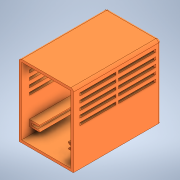
# Autodesk Inventor part: Back
Saved by Autodesk Inventor 2022 (Build 260153000, 153)
## iProperties
Created: 2022-01-12
Part Number: Back
Material: PLA Plastic
Document SubType Name: Modeling
Designer: chad
Density: 0.25 g/cm^3
Appearance: Generic(1)
Author: chad
Autodesk Inventor part; units mm, degrees
ref_plane "YZ Plane" through (0, 0, 0) normal (1, 0, 0) x (0, 1, 0)
ref_plane "XZ Plane" through (0, 0, 0) normal (0, 1, 0) x (-1, 0, 0)
ref_plane "XY Plane" through (0, 0, 0) normal (0, 0, 1) x (1, 0, 0)
sketch "Sketch1" plane through (0, 0, 0) normal (0, 0, 1) x (1, 0, 0)
  line L0 (0, 0) -> (42.2, 0)
  line L1 (42.2, 0) -> (42.2, 56.2)
  line L2 (42.2, 56.2) -> (0, 56.2)
  line L3 (0, 56.2) -> (0, 0)
  line L4 (17.1, 5) -> (25.1, 5) construction
  line L5 (17.1, 2.75) -> (25.1, 2.75)
  line L6 (25.1, 7.25) -> (17.1, 7.25)
  arc A0 (17.1, 7.25) -> (17.1, 2.75) centre (17.1, 5) ccw
  arc A1 (25.1, 2.75) -> (25.1, 7.25) centre (25.1, 5) ccw
  line L7 (21.1, 5) -> (29.1, 5) construction
  dimension "d0" = 42.2
  dimension "d1" = 56.2
  dimension "d2" = 4
  dimension "d3" = 0
  dimension "d4" = 4.5
  dimension "d91" = 21.1
  dimension "d92" = 5
  constraints: 18 end point, 4 point on circle, 4 tangent, 3 horizontal, 3 parallel, 2 centre point, 1 collinear, 1 midpoint, 1 perpendicular
  measures "d0" distance of L2.end L1.end
  measures "d1" distance of L1.end L0.end
  measures "d2" distance of L7.start L4.end
  measures "d3" distance between parallel lines of L4 L7
  measures "d4" diameter of A1
  measures "d91" distance from line of L7.start L3
  measures "d92" distance from line of L0 L7.start
extrude "Extrusion1" add sketch "Sketch1" along normal blind 68
shell "Shell1" thickness 2 removed faces 5 at (19.7667, 39.8833, 68) at (25.8125, 2.8658, 45.3333) at (16.3875, 7.1342, 45.3333) at (22.4333, 2.75, 22.6667) at (19.7667, 7.25, 22.6667)
sketch "Sketch3" plane through (42.2, 0, 0) normal (1, 0, 0) x (0, 0, -1)
  line L0 (-35, 49.2) -> (-62, 49.2)
  line L1 (-62, 49.2) -> (-62, 51.2)
  line L2 (-62, 51.2) -> (-35, 51.2)
  line L3 (-35, 51.2) -> (-35, 49.2)
  line L4 (-35, 44.2) -> (-62, 44.2)
  line L5 (-62, 44.2) -> (-62, 46.2)
  line L6 (-62, 46.2) -> (-35, 46.2)
  line L7 (-35, 46.2) -> (-35, 44.2)
  line L8 (-35, 39.2) -> (-62, 39.2)
  line L9 (-62, 39.2) -> (-62, 41.2)
  line L10 (-62, 41.2) -> (-35, 41.2)
  line L11 (-35, 41.2) -> (-35, 39.2)
  line L12 (-35, 34.2) -> (-62, 34.2)
  line L13 (-62, 34.2) -> (-62, 36.2)
  line L14 (-35, 36.2) -> (-35, 34.2)
  line L15 (-62, 36.2) -> (-35, 36.2)
  line L16 (0, 56.2) -> (-68, 56.2) projected
  line L17 (-35, 29.2) -> (-62, 29.2)
  line L18 (-62, 29.2) -> (-62, 31.2)
  line L19 (-35, 31.2) -> (-35, 29.2)
  line L20 (-62, 31.2) -> (-35, 31.2)
  line L21 (-68, 0) -> (-68, 56.2) projected
  line L22 (-5, 49.2) -> (-33, 49.2)
  line L23 (-33, 49.2) -> (-33, 51.2)
  line L24 (-33, 51.2) -> (-5, 51.2)
  line L25 (-5, 51.2) -> (-5, 49.2)
  line L26 (-5, 44) -> (-33, 44)
  line L27 (-33, 44) -> (-33, 46)
  line L28 (-33, 46) -> (-5, 46)
  line L29 (-5, 46) -> (-5, 44)
  line L30 (-5, 39) -> (-33, 39)
  line L31 (-33, 39) -> (-33, 41)
  line L32 (-33, 41) -> (-5, 41)
  line L33 (-5, 41) -> (-5, 39)
  line L34 (-5, 34) -> (-33, 34)
  line L35 (-33, 34) -> (-33, 36)
  line L36 (-33, 36) -> (-5, 36)
  line L37 (-5, 36) -> (-5, 34)
  line L38 (-5, 29) -> (-33, 29)
  line L39 (-33, 29) -> (-33, 31)
  line L40 (-33, 31) -> (-5, 31)
  line L41 (-5, 31) -> (-5, 29)
  point P0 (0, 0)
  dimension "d11" = 27
  dimension "d12" = 2
  dimension "d13" = 27
  dimension "d14" = 2
  dimension "d15" = 3
  dimension "d16" = 27
  dimension "d17" = 2
  dimension "d18" = 27
  dimension "d19" = 2
  dimension "d20" = 3
  dimension "d21" = 3
  dimension "d22" = 5
  dimension "d23" = 27
  dimension "d24" = 2
  dimension "d25" = 3
  dimension "d47" = 6
  dimension "d48" = 6
  dimension "d49" = 6
  dimension "d50" = 6
  dimension "d51" = 6
  dimension "d74" = 28
  dimension "d75" = 2
  dimension "d76" = 5
  dimension "d77" = 2
  dimension "d78" = 28
  dimension "d79" = 2
  dimension "d80" = 28
  dimension "d81" = 2
  dimension "d82" = 28
  dimension "d83" = 2
  dimension "d84" = 28
  dimension "d85" = 2
  dimension "d100" = 2
  dimension "d101" = 2
  constraints: 80 end point, 20 parallel, 10 horizontal, 10 perpendicular, 2 point on line
  measures "d11" distance of L1.end L2.end
  measures "d12" distance of L0.end L1.end
  measures "d13" distance of L5.end L7.start
  measures "d14" distance of L4.end L5.end
  measures "d15" distance between parallel lines of L6 L0
  measures "d16" distance of L9.end L10.end
  measures "d17" distance of L8.end L9.end
  measures "d18" distance of L13.end L14.start
  measures "d19" distance of L12.end L13.end
  measures "d20" distance between parallel lines of L15 L8
  measures "d21" distance between parallel lines of L10 L4
  measures "d22" distance between parallel lines of L2 L16
  measures "d23" distance of L20.start L19.start
  measures "d24" distance of L17.end L20.start
  measures "d25" distance between parallel lines of L20 L12
  measures "d47" distance between parallel lines of L18 L21
  measures "d48" distance between parallel lines of L13 L21
  measures "d49" distance between parallel lines of L9 L21
  measures "d50" distance between parallel lines of L5 L21
  measures "d51" distance between parallel lines of L1 L21
  measures "d74" distance of L23.end L24.end
  measures "d75" distance of L22.end L23.end
  measures "d76" distance between parallel lines of L24 L16
  measures "d77" distance from line of L22.end L3
  measures "d78" distance of L27.end L28.end
  measures "d79" distance of L26.end L27.end
  measures "d80" distance of L31.end L32.end
  measures "d81" distance of L30.end L31.end
  measures "d82" distance of L35.end L36.end
  measures "d83" distance of L34.end L35.end
  measures "d84" distance of L39.end L40.end
  measures "d85" distance of L38.end L39.end
  measures "d100" distance between parallel lines of L7 L27
  measures "d101" distance between parallel lines of L11 L31
sketch "Sketch8" plane through (0, 0, 0) normal (-1, 0, 0) x (0, 0, 1)
  line L0 (62, 49) -> (35, 49)
  line L1 (35, 49) -> (35, 51)
  line L2 (35, 51) -> (62, 51)
  line L3 (62, 51) -> (62, 49)
  line L4 (62, 44) -> (35, 44)
  line L5 (35, 44) -> (35, 46)
  line L6 (62, 46) -> (62, 44)
  line L7 (35, 46) -> (62, 46)
  line L8 (62, 39) -> (35, 39)
  line L9 (35, 39) -> (35, 41)
  line L10 (35, 41) -> (62, 41)
  line L11 (62, 41) -> (62, 39)
  line L12 (62, 34) -> (35, 34)
  line L13 (35, 34) -> (35, 36)
  line L14 (62, 36) -> (62, 34)
  line L15 (35, 36) -> (62, 36)
  line L16 (62, 31) -> (62, 29)
  line L17 (62, 29) -> (35, 29)
  line L18 (35, 31) -> (62, 31)
  line L19 (35, 29) -> (35, 31)
  line L20 (68, 56.2) -> (68, 0) projected
  line L21 (5, 49.2) -> (33, 49.2)
  line L22 (33, 49.2) -> (33, 51.2)
  line L23 (33, 51.2) -> (5, 51.2)
  line L24 (5, 51.2) -> (5, 49.2)
  line L25 (0, 56.2) -> (68, 56.2) projected
  line L26 (5, 44.2) -> (33, 44.2)
  line L27 (33, 44.2) -> (33, 46.2)
  line L28 (33, 46.2) -> (5, 46.2)
  line L29 (5, 46.2) -> (5, 44.2)
  line L30 (5, 39.2) -> (33, 39.2)
  line L31 (33, 39.2) -> (33, 41.2)
  line L32 (33, 41.2) -> (5, 41.2)
  line L33 (5, 41.2) -> (5, 39.2)
  line L34 (5, 34) -> (33, 34)
  line L35 (33, 34) -> (33, 36)
  line L36 (33, 36) -> (5, 36)
  line L37 (5, 36) -> (5, 34)
  line L38 (5, 29) -> (33, 29)
  line L39 (33, 29) -> (33, 31)
  line L40 (33, 31) -> (5, 31)
  line L41 (5, 31) -> (5, 29)
  point P0 (0, 0)
  point P1 (0, 0)
  dimension "d26" = 27
  dimension "d27" = 2
  dimension "d28" = 27
  dimension "d29" = 2
  dimension "d30" = 3
  dimension "d31" = 27
  dimension "d32" = 2
  dimension "d33" = 27
  dimension "d34" = 2
  dimension "d35" = 3
  dimension "d36" = 3
  dimension "d38" = 27
  dimension "d39" = 2
  dimension "d40" = 3
  dimension "d52" = 6
  dimension "d53" = 6
  dimension "d54" = 6
  dimension "d55" = 6
  dimension "d56" = 6
  dimension "d57" = 28
  dimension "d58" = 2
  dimension "d59" = 5
  dimension "d60" = 28
  dimension "d61" = 2
  dimension "d62" = 3
  dimension "d63" = 2
  dimension "d64" = 2
  dimension "d65" = 28
  dimension "d66" = 2
  dimension "d67" = 3
  dimension "d68" = 28
  dimension "d69" = 2
  dimension "d70" = 28
  dimension "d71" = 2
  constraints: 80 end point, 20 parallel, 10 horizontal, 10 perpendicular
  measures "d26" distance of L1.end L2.end
  measures "d27" distance of L0.end L1.end
  measures "d28" distance of L5.end L6.start
  measures "d29" distance of L4.end L5.end
  measures "d30" distance between parallel lines of L7 L0
  measures "d31" distance of L9.end L10.end
  measures "d32" distance of L8.end L9.end
  measures "d33" distance of L13.end L14.start
  measures "d34" distance of L12.end L13.end
  measures "d35" distance between parallel lines of L15 L8
  measures "d36" distance between parallel lines of L10 L4
  measures "d38" distance of L18.start L16.start
  measures "d39" distance of L17.end L18.start
  measures "d40" distance between parallel lines of L18 L12
  measures "d52" distance between parallel lines of L3 L20
  measures "d53" distance between parallel lines of L6 L20
  measures "d54" distance between parallel lines of L11 L20
  measures "d55" distance between parallel lines of L14 L20
  measures "d56" distance between parallel lines of L16 L20
  measures "d57" distance of L23.end L22.end
  measures "d58" distance of L22.end L21.end
  measures "d59" distance between parallel lines of L23 L25
  measures "d60" distance of L28.end L27.end
  measures "d61" distance of L27.end L26.end
  measures "d62" distance between parallel lines of L28 L21
  measures "d63" distance between parallel lines of L22 L1
  measures "d64" distance between parallel lines of L27 L5
  measures "d65" distance of L32.end L31.end
  measures "d66" distance of L31.end L30.end
  measures "d67" distance between parallel lines of L32 L26
  measures "d68" distance of L36.end L35.end
  measures "d69" distance of L35.end L34.end
  measures "d70" distance of L40.end L39.end
  measures "d71" distance of L39.end L38.end
sketch "Sketch9" plane through (0, 0, 0) normal (-1, 0, 0) x (0, 0, 1)
  point P0 (0, 0)
extrude "Extrusion4" cut sketch "Sketch8" against normal blind 2
extrude "Extrusion5" cut sketch "Sketch3" against normal blind 2
fillet "Fillet3" radius 1 10 edges at (42.2, 50.2, 62) (42.2, 45.2, 62) (42.2, 40.2, 62) (42.2, 35.2, 62) (42.2, 30.2, 62) (42.2, 50.2, 5) (42.2, 45, 5) (42.2, 40, 5) (42.2, 35, 5) (42.2, 30, 5)
fillet "Fillet4" radius 1 10 edges at (0, 50.2, 5) (0, 45.2, 5) (0, 40.2, 5) (0, 35, 5) (0, 30, 5) (0, 50, 62) (0, 45, 62) (0, 40, 62) (0, 35, 62) (0, 30, 62)
fillet "Fillet5" radius 2 5 edges at (42.2, 56.2, 34) (0, 56.2, 34) (21.1, 56.2, 0) (42.2, 28.1, 0) (0, 28.1, 0)
sketch "Sketch11" plane through (0, 0, 0) normal (0, 0, -1) x (-1, 0, 0)
  line L0 (-2, 54.2) -> (-2, 2) projected
  line L1 (-40.2, 2) -> (-40.2, 54.2) projected
  line L2 (-25.1, 5) -> (-17.1, 5) construction
  line L3 (-25.1, 2) -> (-17.1, 2)
  line L4 (-17.1, 8) -> (-25.1, 8)
  arc A0 (-25.1, 8) -> (-25.1, 2) centre (-25.1, 5) ccw
  arc A1 (-17.1, 2) -> (-17.1, 8) centre (-17.1, 5) ccw
  line L5 (0, 0) -> (-42.2, 0) projected
  point P0 (-21.1, 5)
  dimension "d93" = 38.2
  dimension "d94" = 4
  dimension "d95" = 6
  dimension "d96" = 19.1
  dimension "d118" = 5
  constraints: 8 end point, 4 point on circle, 4 tangent, 2 centre point, 1 horizontal, 1 midpoint, 1 parallel
  measures "d93" distance between parallel lines of L0 L1
  measures "d94" distance of point (-21.1, 5) L2.end
  measures "d95" diameter of A1
  measures "d96" distance from line of point (-21.1, 5) L1
  measures "d118" distance from line of L5 point (-21.1, 5)
extrude "Extrusion6" cut sketch "Sketch11" against normal blind 1
fillet "Fillet6" radius 1 4 edges at (14.1, 5, 0) (21.1, 2, 0) (28.1, 5, 0) (21.1, 8, 0) inverted yes
sketch "Sketch12" plane through (0, 0, 0) normal (-1, 0, 0) x (0, 0, 1)
  line L0 (2, 54.2) -> (2, 2) projected
  line L1 (68, 54.2) -> (68, 0) projected
  line L2 (2, 8) -> (62, 8)
  line L3 (62, 8) -> (62, 9.5)
  line L4 (62, 9.5) -> (2, 9.5)
  line L5 (2, 9.5) -> (2, 8)
  line L6 (2, 11.4) -> (62, 11.4)
  line L7 (62, 11.4) -> (62, 12.9)
  line L8 (62, 12.9) -> (2, 12.9)
  line L9 (2, 12.9) -> (2, 11.4)
  line L10 (2, 2) -> (68, 2) projected
  line L11 (62, 9.5) -> (2, 9.5)
  line L12 (2, 9.5) -> (2, 11.4)
  line L13 (2, 11.4) -> (62, 11.4)
  line L14 (62, 11.4) -> (62, 9.5)
  line L15 (2, 9.5) -> (62, 9.5)
  line L16 (62, 9.5) -> (62, 11.4)
  line L17 (62, 11.4) -> (2, 11.4)
  line L18 (2, 11.4) -> (2, 9.5)
  line L19 (2, 9.5) -> (62, 9.5)
  line L20 (62, 9.5) -> (62, 11.4)
  line L21 (62, 11.4) -> (2, 11.4)
  line L22 (2, 11.4) -> (2, 9.5)
  point P0 (0, 0)
  point P1 (2, 9.5)
  dimension "d102" = 66
  dimension "d103" = 60
  dimension "d104" = 1.5
  dimension "d105" = 1.5
  dimension "d106" = 1.9
  dimension "d107" = 6
  dimension "d121" = 60
  constraints: 40 end point, 10 parallel, 5 horizontal, 5 perpendicular, 2 point on line
  measures "d102" distance between parallel lines of L0 L1
  measures "d103" distance of L4.end L3.end
  measures "d104" distance of L3.end L2.end
  measures "d105" distance of L7.end L6.end
  measures "d106" distance between parallel lines of L4 L6
  measures "d107" distance between parallel lines of L10 L2
  measures "d121" distance between parallel lines of L0 L7
sketch "Sketch13" plane through (42.2, 0, 68) normal (1, 0, 0) x (0, 0, -1)
  line L0 (6, 54.2) -> (6, 2)
  line L1 (68, 54.2) -> (68, 0)
  line L2 (6, 8) -> (66, 8)
  line L3 (66, 8) -> (66, 9.5)
  line L4 (66, 9.5) -> (6, 9.5)
  line L5 (6, 9.5) -> (6, 8)
  line L6 (6, 11.4) -> (66, 11.4)
  line L7 (66, 11.4) -> (66, 12.9)
  line L8 (66, 12.9) -> (6, 12.9)
  line L9 (6, 12.9) -> (6, 11.4)
  line L10 (6, 2) -> (68, 2)
  line L11 (66, 9.2488) -> (6, 9.2488)
  line L12 (6, 9.2488) -> (6, 11.7488)
  line L13 (6, 11.7488) -> (66, 11.7488)
  line L14 (66, 11.7488) -> (66, 9.2488)
  point P0 (68, 0)
  point P1 (0, 0)
  point P2 (6, 9.5)
  point P3 (6, 12.9)
  point P4 (6, 11.7488)
  point P5 (6, 9.2488)
  dimension "d108" = 62
  dimension "d109" = 60
  dimension "d110" = 1.5
  dimension "d111" = 1.5
  dimension "d113" = 6
  dimension "d119" = 2
  dimension "d120" = 2
  dimension "d123" = 60
  dimension "d124" = 2
  dimension "d125" = 2.5
  constraints: 30 end point, 6 parallel, 3 horizontal, 3 perpendicular, 2 point on line
  measures "d108" distance between parallel lines of L0 L1
  measures "d109" distance of L4.end L3.end
  measures "d110" distance of L3.end L2.end
  measures "d111" distance of L7.end L6.end
  measures "d113" distance between parallel lines of L10 L2
  measures "d119" distance between parallel lines of L1 L7
  measures "d120" distance between parallel lines of L1 L3
  measures "d123" distance between parallel lines of L14 L12
  measures "d124" distance between parallel lines of L1 L14
  measures "d125" distance between parallel lines of L11 L13
extrude "Extrusion7" add sketch "Sketch13" against normal blind 10 contours L8 L7 L13 L0 | L13 L7 L6 L0 | L4 L3 L11 L0 | L11 L3 L2 L0
extrude "Extrusion8" add sketch "Sketch12" against normal blind 10 contours L8 L7 L6 L0 | L4 L3 L2 L0
fillet "Fillet7" radius 1.5 4 edges at (32.2, 11.4, 32) (32.2, 9.5, 32) (10, 11.4, 32) (10, 9.5, 32)
extrude "Extrusion9" add sketch "Sketch13" against normal blind 4 contours L13 L7 L6 L0 | L6 L14 L4 L0 | L4 L3 L11 L0
extrude "Extrusion10" add sketch "Sketch12" against normal blind 4 contours L6 L14 L4 L0
equation "\"d91\" = 0.5 * d0"
equation "\"d13\" = d11"
equation "\"d16\" = d11"
equation "\"d18\" = d11"
equation "\"d23\" = d11"
equation "\"d100\" = d77"
equation "\"d101\" = d77"
equation "\"d96\" = 0.5 * d93"
body "Solid1"

******

Prompt -> As listed above, the lines from the line with "line L3 (62, 8) -> (62, 9.5)" to the line with "line L10 (2, 2) -> (68, 2) projected" are to be echoed exactly, with both ends included and nothing added.

Reply ->
  line L3 (62, 8) -> (62, 9.5)
  line L4 (62, 9.5) -> (2, 9.5)
  line L5 (2, 9.5) -> (2, 8)
  line L6 (2, 11.4) -> (62, 11.4)
  line L7 (62, 11.4) -> (62, 12.9)
  line L8 (62, 12.9) -> (2, 12.9)
  line L9 (2, 12.9) -> (2, 11.4)
  line L10 (2, 2) -> (68, 2) projected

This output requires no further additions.